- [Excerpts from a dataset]
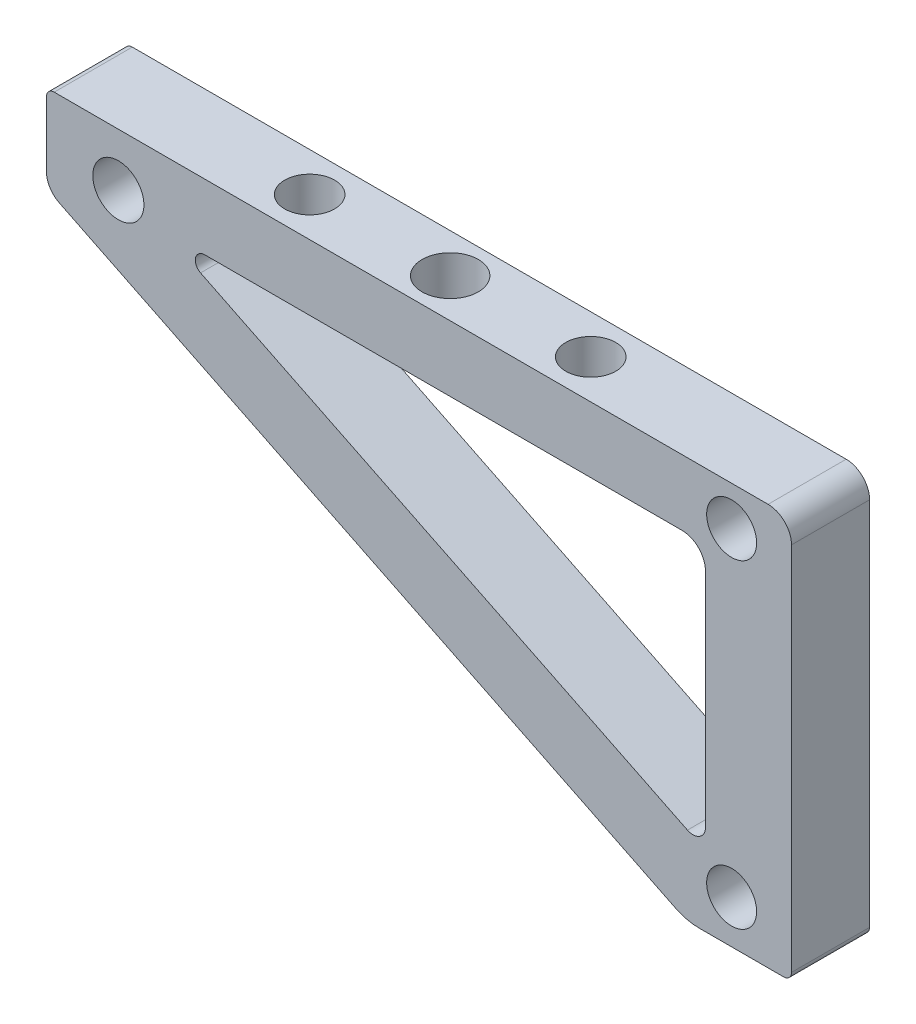
ISO-10303-21;
HEADER;
FILE_DESCRIPTION(('STEP AP214'),'2;1');
FILE_NAME('part.step','',(''),(''),'','','');
FILE_SCHEMA(('AUTOMOTIVE_DESIGN { 1 0 10303 214 1 1 1 1 }'));
ENDSEC;
DATA;
#1=APPLICATION_CONTEXT('core data for automotive mechanical design processes');
#2=APPLICATION_PROTOCOL_DEFINITION('international standard','automotive_design',2000,#1);
#3=PRODUCT_CONTEXT('',#1,'mechanical');
#4=PRODUCT('Part','Part','',(#3));
#5=PRODUCT_RELATED_PRODUCT_CATEGORY('part','',(#4));
#6=PRODUCT_DEFINITION_FORMATION('','',#4);
#7=PRODUCT_DEFINITION_CONTEXT('part definition',#1,'design');
#8=PRODUCT_DEFINITION('design','',#6,#7);
#9=PRODUCT_DEFINITION_SHAPE('','',#8);
#10=(LENGTH_UNIT() NAMED_UNIT(*) SI_UNIT(.MILLI.,.METRE.));
#11=(NAMED_UNIT(*) PLANE_ANGLE_UNIT() SI_UNIT($,.RADIAN.));
#12=(NAMED_UNIT(*) SI_UNIT($,.STERADIAN.) SOLID_ANGLE_UNIT());
#13=UNCERTAINTY_MEASURE_WITH_UNIT(LENGTH_MEASURE(1.E-05),#10,'distance_accuracy_value','');
#14=(GEOMETRIC_REPRESENTATION_CONTEXT(3) GLOBAL_UNCERTAINTY_ASSIGNED_CONTEXT((#13)) GLOBAL_UNIT_ASSIGNED_CONTEXT((#10,
#11,#12)) REPRESENTATION_CONTEXT('',''));
#15=CARTESIAN_POINT('',(0.,0.,0.));
#16=DIRECTION('',(0.,0.,1.));
#17=DIRECTION('',(1.,0.,0.));
#18=AXIS2_PLACEMENT_3D('',#15,#16,#17);
#19=CARTESIAN_POINT('',(13.3710113093788,-10.4732911103491,6.35));
#20=DIRECTION('',(0.,0.,1.));
#21=DIRECTION('',(1.,0.,0.));
#22=AXIS2_PLACEMENT_3D('',#19,#20,#21);
#23=PLANE('',#22);
#24=CARTESIAN_POINT('',(-33.8838438970048,13.4336716952027,6.35));
#25=DIRECTION('',(0.,0.,-1.));
#26=DIRECTION('',(-1.,0.,0.));
#27=AXIS2_PLACEMENT_3D('',#24,#25,#26);
#28=CIRCLE('',#27,2.07896372310807);
#29=CARTESIAN_POINT('',(-35.9628076201128,13.4336716952027,6.35));
#30=VERTEX_POINT('',#29);
#31=EDGE_CURVE('E552',#30,#30,#28,.T.);
#32=ORIENTED_EDGE('',*,*,#31,.T.);
#33=EDGE_LOOP('',(#32));
#34=FACE_BOUND('',#33,.T.);
#35=CARTESIAN_POINT('',(15.9873466903869,14.5382384856211,6.35));
#36=DIRECTION('',(0.,0.,-1.));
#37=DIRECTION('',(-1.,0.,0.));
#38=AXIS2_PLACEMENT_3D('',#35,#36,#37);
#39=CIRCLE('',#38,2.032);
#40=CARTESIAN_POINT('',(13.9553466903869,14.5382384856211,6.35));
#41=VERTEX_POINT('',#40);
#42=EDGE_CURVE('E556',#41,#41,#39,.T.);
#43=ORIENTED_EDGE('',*,*,#42,.T.);
#44=EDGE_LOOP('',(#43));
#45=FACE_BOUND('',#44,.T.);
#46=CARTESIAN_POINT('',(15.9873466903869,-11.4190810892118,6.35));
#47=DIRECTION('',(0.,0.,-1.));
#48=DIRECTION('',(-1.,0.,0.));
#49=AXIS2_PLACEMENT_3D('',#46,#47,#48);
#50=CIRCLE('',#49,2.032);
#51=CARTESIAN_POINT('',(13.9553466903869,-11.4190810892118,6.35));
#52=VERTEX_POINT('',#51);
#53=EDGE_CURVE('E566',#52,#52,#50,.T.);
#54=ORIENTED_EDGE('',*,*,#53,.T.);
#55=EDGE_LOOP('',(#54));
#56=FACE_BOUND('',#55,.T.);
#57=CARTESIAN_POINT('',(13.3710113093788,-10.4732911103491,6.35));
#58=DIRECTION('',(0.,0.,1.));
#59=DIRECTION('',(1.,0.,0.));
#60=AXIS2_PLACEMENT_3D('',#57,#58,#59);
#61=CIRCLE('',#60,4.44499999999991);
#62=CARTESIAN_POINT('',(11.4117177924005,-14.4631775641628,6.35));
#63=VERTEX_POINT('',#62);
#64=CARTESIAN_POINT('',(13.3710113093788,-14.918291110349,6.35));
#65=VERTEX_POINT('',#64);
#66=EDGE_CURVE('E210',#63,#65,#61,.T.);
#67=ORIENTED_EDGE('',*,*,#66,.T.);
#68=DIRECTION('',(1.,0.,0.));
#69=VECTOR('',#68,1.);
#70=CARTESIAN_POINT('',(13.3710113093788,-14.918291110349,6.35));
#71=LINE('',#70,#69);
#72=CARTESIAN_POINT('',(20.2217266524743,-14.918291110349,6.35));
#73=VERTEX_POINT('',#72);
#74=EDGE_CURVE('E209',#65,#73,#71,.T.);
#75=ORIENTED_EDGE('',*,*,#74,.T.);
#76=CARTESIAN_POINT('',(20.2217266524743,-14.283291110349,6.35));
#77=DIRECTION('',(0.,0.,1.));
#78=DIRECTION('',(1.,0.,0.));
#79=AXIS2_PLACEMENT_3D('',#76,#77,#78);
#80=CIRCLE('',#79,0.634999999999998);
#81=CARTESIAN_POINT('',(20.8567266524743,-14.283291110349,6.35));
#82=VERTEX_POINT('',#81);
#83=EDGE_CURVE('E213',#73,#82,#80,.T.);
#84=ORIENTED_EDGE('',*,*,#83,.T.);
#85=DIRECTION('',(0.,1.,0.));
#86=VECTOR('',#85,1.);
#87=CARTESIAN_POINT('',(20.8567266524743,15.8273321626688,6.35));
#88=LINE('',#87,#86);
#89=CARTESIAN_POINT('',(20.8567266524743,15.8273321626688,6.35));
#90=VERTEX_POINT('',#89);
#91=EDGE_CURVE('E214',#82,#90,#88,.T.);
#92=ORIENTED_EDGE('',*,*,#91,.T.);
#93=CARTESIAN_POINT('',(18.9517266524743,15.8273321626688,6.35));
#94=DIRECTION('',(0.,0.,1.));
#95=DIRECTION('',(1.,0.,0.));
#96=AXIS2_PLACEMENT_3D('',#93,#94,#95);
#97=CIRCLE('',#96,1.905);
#98=CARTESIAN_POINT('',(18.9517266524743,17.7323321626688,6.35));
#99=VERTEX_POINT('',#98);
#100=EDGE_CURVE('E220',#90,#99,#97,.T.);
#101=ORIENTED_EDGE('',*,*,#100,.T.);
#102=DIRECTION('',(-1.,0.,0.));
#103=VECTOR('',#102,1.);
#104=CARTESIAN_POINT('',(18.9517266524743,17.7323321626688,6.35));
#105=LINE('',#104,#103);
#106=CARTESIAN_POINT('',(-39.0992604233761,17.7323321626689,6.35));
#107=VERTEX_POINT('',#106);
#108=EDGE_CURVE('E218',#99,#107,#105,.T.);
#109=ORIENTED_EDGE('',*,*,#108,.T.);
#110=CARTESIAN_POINT('',(-39.0992604233761,17.0973321626688,6.35));
#111=DIRECTION('',(0.,0.,1.));
#112=DIRECTION('',(1.,0.,0.));
#113=AXIS2_PLACEMENT_3D('',#110,#111,#112);
#114=CIRCLE('',#113,0.635000000000011);
#115=CARTESIAN_POINT('',(-39.7342604233761,17.0973321626688,6.35));
#116=VERTEX_POINT('',#115);
#117=EDGE_CURVE('E222',#107,#116,#114,.T.);
#118=ORIENTED_EDGE('',*,*,#117,.T.);
#119=DIRECTION('',(0.,-1.,0.));
#120=VECTOR('',#119,1.);
#121=CARTESIAN_POINT('',(-39.7342604233761,17.0973321626688,6.35));
#122=LINE('',#121,#120);
#123=CARTESIAN_POINT('',(-39.7342604233761,11.839639722161,6.35));
#124=VERTEX_POINT('',#123);
#125=EDGE_CURVE('E224',#116,#124,#122,.T.);
#126=ORIENTED_EDGE('',*,*,#125,.T.);
#127=CARTESIAN_POINT('',(-37.8292604233761,11.839639722161,6.35));
#128=DIRECTION('',(0.,0.,1.));
#129=DIRECTION('',(1.,0.,0.));
#130=AXIS2_PLACEMENT_3D('',#127,#128,#129);
#131=CIRCLE('',#130,1.905);
#132=CARTESIAN_POINT('',(-38.6689576449382,10.1296883848123,6.35));
#133=VERTEX_POINT('',#132);
#134=EDGE_CURVE('E223',#124,#133,#131,.T.);
#135=ORIENTED_EDGE('',*,*,#134,.T.);
#136=DIRECTION('',(0.897612250576778,-0.44078594307724,0.));
#137=VECTOR('',#136,1.);
#138=CARTESIAN_POINT('',(-38.6689576449382,10.1296883848123,6.35));
#139=LINE('',#138,#137);
#140=EDGE_CURVE('E230',#133,#63,#139,.T.);
#141=ORIENTED_EDGE('',*,*,#140,.T.);
#142=EDGE_LOOP('',(#67,#75,#84,#92,#101,#109,#118,#126,#135,#141));
#143=FACE_BOUND('',#142,.T.);
#144=DIRECTION('',(0.897612250576778,-0.44078594307724,0.));
#145=VECTOR('',#144,1.);
#146=CARTESIAN_POINT('',(12.3946762268889,-8.49095327423301,6.35));
#147=LINE('',#146,#145);
#148=CARTESIAN_POINT('',(-27.199482674509,10.9523516277314,6.35));
#149=VERTEX_POINT('',#148);
#150=CARTESIAN_POINT('',(12.3946762268889,-8.49095327423301,6.35));
#151=VERTEX_POINT('',#150);
#152=EDGE_CURVE('E165',#149,#151,#147,.T.);
#153=ORIENTED_EDGE('',*,*,#152,.F.);
#154=CARTESIAN_POINT('',(-26.8636037858843,11.6363321626707,6.35));
#155=DIRECTION('',(0.,0.,1.));
#156=DIRECTION('',(-1.,0.,0.));
#157=AXIS2_PLACEMENT_3D('',#154,#155,#156);
#158=CIRCLE('',#157,0.761999999999749);
#159=CARTESIAN_POINT('',(-26.8636037858843,12.3983321626704,6.35));
#160=VERTEX_POINT('',#159);
#161=EDGE_CURVE('E152',#160,#149,#158,.T.);
#162=ORIENTED_EDGE('',*,*,#161,.F.);
#163=DIRECTION('',(-1.,0.,0.));
#164=VECTOR('',#163,1.);
#165=CARTESIAN_POINT('',(11.9535147450558,12.3983321626704,6.35));
#166=LINE('',#165,#164);
#167=CARTESIAN_POINT('',(11.9535147450558,12.3983321626704,6.35));
#168=VERTEX_POINT('',#167);
#169=EDGE_CURVE('E184',#168,#160,#166,.T.);
#170=ORIENTED_EDGE('',*,*,#169,.F.);
#171=CARTESIAN_POINT('',(11.9535147450558,10.4933321626704,6.35));
#172=DIRECTION('',(0.,0.,1.));
#173=DIRECTION('',(-1.,0.,0.));
#174=AXIS2_PLACEMENT_3D('',#171,#172,#173);
#175=CIRCLE('',#174,1.905);
#176=CARTESIAN_POINT('',(13.8585147450558,10.4933321626704,6.35));
#177=VERTEX_POINT('',#176);
#178=EDGE_CURVE('E185',#177,#168,#175,.T.);
#179=ORIENTED_EDGE('',*,*,#178,.F.);
#180=DIRECTION('',(0.,1.,0.));
#181=VECTOR('',#180,1.);
#182=CARTESIAN_POINT('',(13.8585147450558,-7.57897922764673,6.35));
#183=LINE('',#182,#181);
#184=CARTESIAN_POINT('',(13.8585147450557,-7.57897922764681,6.35));
#185=VERTEX_POINT('',#184);
#186=EDGE_CURVE('E180',#185,#177,#183,.T.);
#187=ORIENTED_EDGE('',*,*,#186,.F.);
#188=CARTESIAN_POINT('',(12.8425147450555,-7.57897922764681,6.35));
#189=DIRECTION('',(0.,0.,1.));
#190=DIRECTION('',(1.,0.,0.));
#191=AXIS2_PLACEMENT_3D('',#188,#189,#190);
#192=CIRCLE('',#191,1.01600000000027);
#193=EDGE_CURVE('E171',#151,#185,#192,.T.);
#194=ORIENTED_EDGE('',*,*,#193,.F.);
#195=EDGE_LOOP('',(#153,#162,#170,#179,#187,#194));
#196=FACE_BOUND('',#195,.T.);
#197=ADVANCED_FACE('F39',(#34,#45,#56,#143,#196),#23,.T.);
#198=CARTESIAN_POINT('',(13.3710113093788,-10.4732911103491,0.));
#199=DIRECTION('',(0.,0.,1.));
#200=DIRECTION('',(1.,0.,0.));
#201=AXIS2_PLACEMENT_3D('',#198,#199,#200);
#202=PLANE('',#201);
#203=CARTESIAN_POINT('',(-33.8838438970048,13.4336716952027,0.));
#204=DIRECTION('',(0.,0.,-1.));
#205=DIRECTION('',(-1.,0.,0.));
#206=AXIS2_PLACEMENT_3D('',#203,#204,#205);
#207=CIRCLE('',#206,2.07896372310807);
#208=CARTESIAN_POINT('',(-35.9628076201128,13.4336716952027,0.));
#209=VERTEX_POINT('',#208);
#210=EDGE_CURVE('E551',#209,#209,#207,.T.);
#211=ORIENTED_EDGE('',*,*,#210,.F.);
#212=EDGE_LOOP('',(#211));
#213=FACE_BOUND('',#212,.T.);
#214=CARTESIAN_POINT('',(15.9873466903869,14.5382384856211,0.));
#215=DIRECTION('',(0.,0.,-1.));
#216=DIRECTION('',(-1.,0.,0.));
#217=AXIS2_PLACEMENT_3D('',#214,#215,#216);
#218=CIRCLE('',#217,2.032);
#219=CARTESIAN_POINT('',(13.9553466903869,14.5382384856211,0.));
#220=VERTEX_POINT('',#219);
#221=EDGE_CURVE('E553',#220,#220,#218,.T.);
#222=ORIENTED_EDGE('',*,*,#221,.F.);
#223=EDGE_LOOP('',(#222));
#224=FACE_BOUND('',#223,.T.);
#225=CARTESIAN_POINT('',(15.9873466903869,-11.4190810892118,0.));
#226=DIRECTION('',(0.,0.,-1.));
#227=DIRECTION('',(-1.,0.,0.));
#228=AXIS2_PLACEMENT_3D('',#225,#226,#227);
#229=CIRCLE('',#228,2.032);
#230=CARTESIAN_POINT('',(13.9553466903869,-11.4190810892118,0.));
#231=VERTEX_POINT('',#230);
#232=EDGE_CURVE('E564',#231,#231,#229,.T.);
#233=ORIENTED_EDGE('',*,*,#232,.F.);
#234=EDGE_LOOP('',(#233));
#235=FACE_BOUND('',#234,.T.);
#236=CARTESIAN_POINT('',(13.3710113093788,-10.4732911103491,0.));
#237=DIRECTION('',(0.,0.,1.));
#238=DIRECTION('',(1.,0.,0.));
#239=AXIS2_PLACEMENT_3D('',#236,#237,#238);
#240=CIRCLE('',#239,4.44499999999991);
#241=CARTESIAN_POINT('',(11.4117177924005,-14.4631775641628,0.));
#242=VERTEX_POINT('',#241);
#243=CARTESIAN_POINT('',(13.3710113093788,-14.918291110349,0.));
#244=VERTEX_POINT('',#243);
#245=EDGE_CURVE('E168',#242,#244,#240,.T.);
#246=ORIENTED_EDGE('',*,*,#245,.F.);
#247=DIRECTION('',(0.897612250576778,-0.44078594307724,0.));
#248=VECTOR('',#247,1.);
#249=CARTESIAN_POINT('',(-38.6689576449382,10.1296883848123,0.));
#250=LINE('',#249,#248);
#251=CARTESIAN_POINT('',(-38.6689576449382,10.1296883848123,0.));
#252=VERTEX_POINT('',#251);
#253=EDGE_CURVE('E211',#252,#242,#250,.T.);
#254=ORIENTED_EDGE('',*,*,#253,.F.);
#255=CARTESIAN_POINT('',(-37.8292604233761,11.839639722161,0.));
#256=DIRECTION('',(0.,0.,1.));
#257=DIRECTION('',(1.,0.,0.));
#258=AXIS2_PLACEMENT_3D('',#255,#256,#257);
#259=CIRCLE('',#258,1.905);
#260=CARTESIAN_POINT('',(-39.7342604233761,11.839639722161,0.));
#261=VERTEX_POINT('',#260);
#262=EDGE_CURVE('E246',#261,#252,#259,.T.);
#263=ORIENTED_EDGE('',*,*,#262,.F.);
#264=DIRECTION('',(0.,-1.,0.));
#265=VECTOR('',#264,1.);
#266=CARTESIAN_POINT('',(-39.7342604233761,17.0973321626688,0.));
#267=LINE('',#266,#265);
#268=CARTESIAN_POINT('',(-39.7342604233761,17.0973321626688,0.));
#269=VERTEX_POINT('',#268);
#270=EDGE_CURVE('E244',#269,#261,#267,.T.);
#271=ORIENTED_EDGE('',*,*,#270,.F.);
#272=CARTESIAN_POINT('',(-39.0992604233761,17.0973321626688,0.));
#273=DIRECTION('',(0.,0.,1.));
#274=DIRECTION('',(1.,0.,0.));
#275=AXIS2_PLACEMENT_3D('',#272,#273,#274);
#276=CIRCLE('',#275,0.635000000000011);
#277=CARTESIAN_POINT('',(-39.0992604233761,17.7323321626689,0.));
#278=VERTEX_POINT('',#277);
#279=EDGE_CURVE('E245',#278,#269,#276,.T.);
#280=ORIENTED_EDGE('',*,*,#279,.F.);
#281=DIRECTION('',(-1.,0.,0.));
#282=VECTOR('',#281,1.);
#283=CARTESIAN_POINT('',(18.9517266524743,17.7323321626688,0.));
#284=LINE('',#283,#282);
#285=CARTESIAN_POINT('',(18.9517266524743,17.7323321626688,0.));
#286=VERTEX_POINT('',#285);
#287=EDGE_CURVE('E238',#286,#278,#284,.T.);
#288=ORIENTED_EDGE('',*,*,#287,.F.);
#289=CARTESIAN_POINT('',(18.9517266524743,15.8273321626688,0.));
#290=DIRECTION('',(0.,0.,1.));
#291=DIRECTION('',(1.,0.,0.));
#292=AXIS2_PLACEMENT_3D('',#289,#290,#291);
#293=CIRCLE('',#292,1.905);
#294=CARTESIAN_POINT('',(20.8567266524743,15.8273321626688,0.));
#295=VERTEX_POINT('',#294);
#296=EDGE_CURVE('E236',#295,#286,#293,.T.);
#297=ORIENTED_EDGE('',*,*,#296,.F.);
#298=DIRECTION('',(0.,1.,0.));
#299=VECTOR('',#298,1.);
#300=CARTESIAN_POINT('',(20.8567266524743,15.8273321626688,0.));
#301=LINE('',#300,#299);
#302=CARTESIAN_POINT('',(20.8567266524743,-14.283291110349,0.));
#303=VERTEX_POINT('',#302);
#304=EDGE_CURVE('E237',#303,#295,#301,.T.);
#305=ORIENTED_EDGE('',*,*,#304,.F.);
#306=CARTESIAN_POINT('',(20.2217266524743,-14.283291110349,0.));
#307=DIRECTION('',(0.,0.,1.));
#308=DIRECTION('',(1.,0.,0.));
#309=AXIS2_PLACEMENT_3D('',#306,#307,#308);
#310=CIRCLE('',#309,0.634999999999998);
#311=CARTESIAN_POINT('',(20.2217266524743,-14.918291110349,0.));
#312=VERTEX_POINT('',#311);
#313=EDGE_CURVE('E232',#312,#303,#310,.T.);
#314=ORIENTED_EDGE('',*,*,#313,.F.);
#315=DIRECTION('',(1.,0.,0.));
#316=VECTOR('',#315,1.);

- [Prompt] Your answer must be the lines from the opening line of the entries through the line holding "#12=(NAMED_UNIT(*) SI_UNIT($,.STERADIAN.) SOLID_ANGLE_UNIT());", written out exactly and without any picture.

- [Written answer]
ISO-10303-21;
HEADER;
FILE_DESCRIPTION(('STEP AP214'),'2;1');
FILE_NAME('part.step','',(''),(''),'','','');
FILE_SCHEMA(('AUTOMOTIVE_DESIGN { 1 0 10303 214 1 1 1 1 }'));
ENDSEC;
DATA;
#1=APPLICATION_CONTEXT('core data for automotive mechanical design processes');
#2=APPLICATION_PROTOCOL_DEFINITION('international standard','automotive_design',2000,#1);
#3=PRODUCT_CONTEXT('',#1,'mechanical');
#4=PRODUCT('Part','Part','',(#3));
#5=PRODUCT_RELATED_PRODUCT_CATEGORY('part','',(#4));
#6=PRODUCT_DEFINITION_FORMATION('','',#4);
#7=PRODUCT_DEFINITION_CONTEXT('part definition',#1,'design');
#8=PRODUCT_DEFINITION('design','',#6,#7);
#9=PRODUCT_DEFINITION_SHAPE('','',#8);
#10=(LENGTH_UNIT() NAMED_UNIT(*) SI_UNIT(.MILLI.,.METRE.));
#11=(NAMED_UNIT(*) PLANE_ANGLE_UNIT() SI_UNIT($,.RADIAN.));
#12=(NAMED_UNIT(*) SI_UNIT($,.STERADIAN.) SOLID_ANGLE_UNIT());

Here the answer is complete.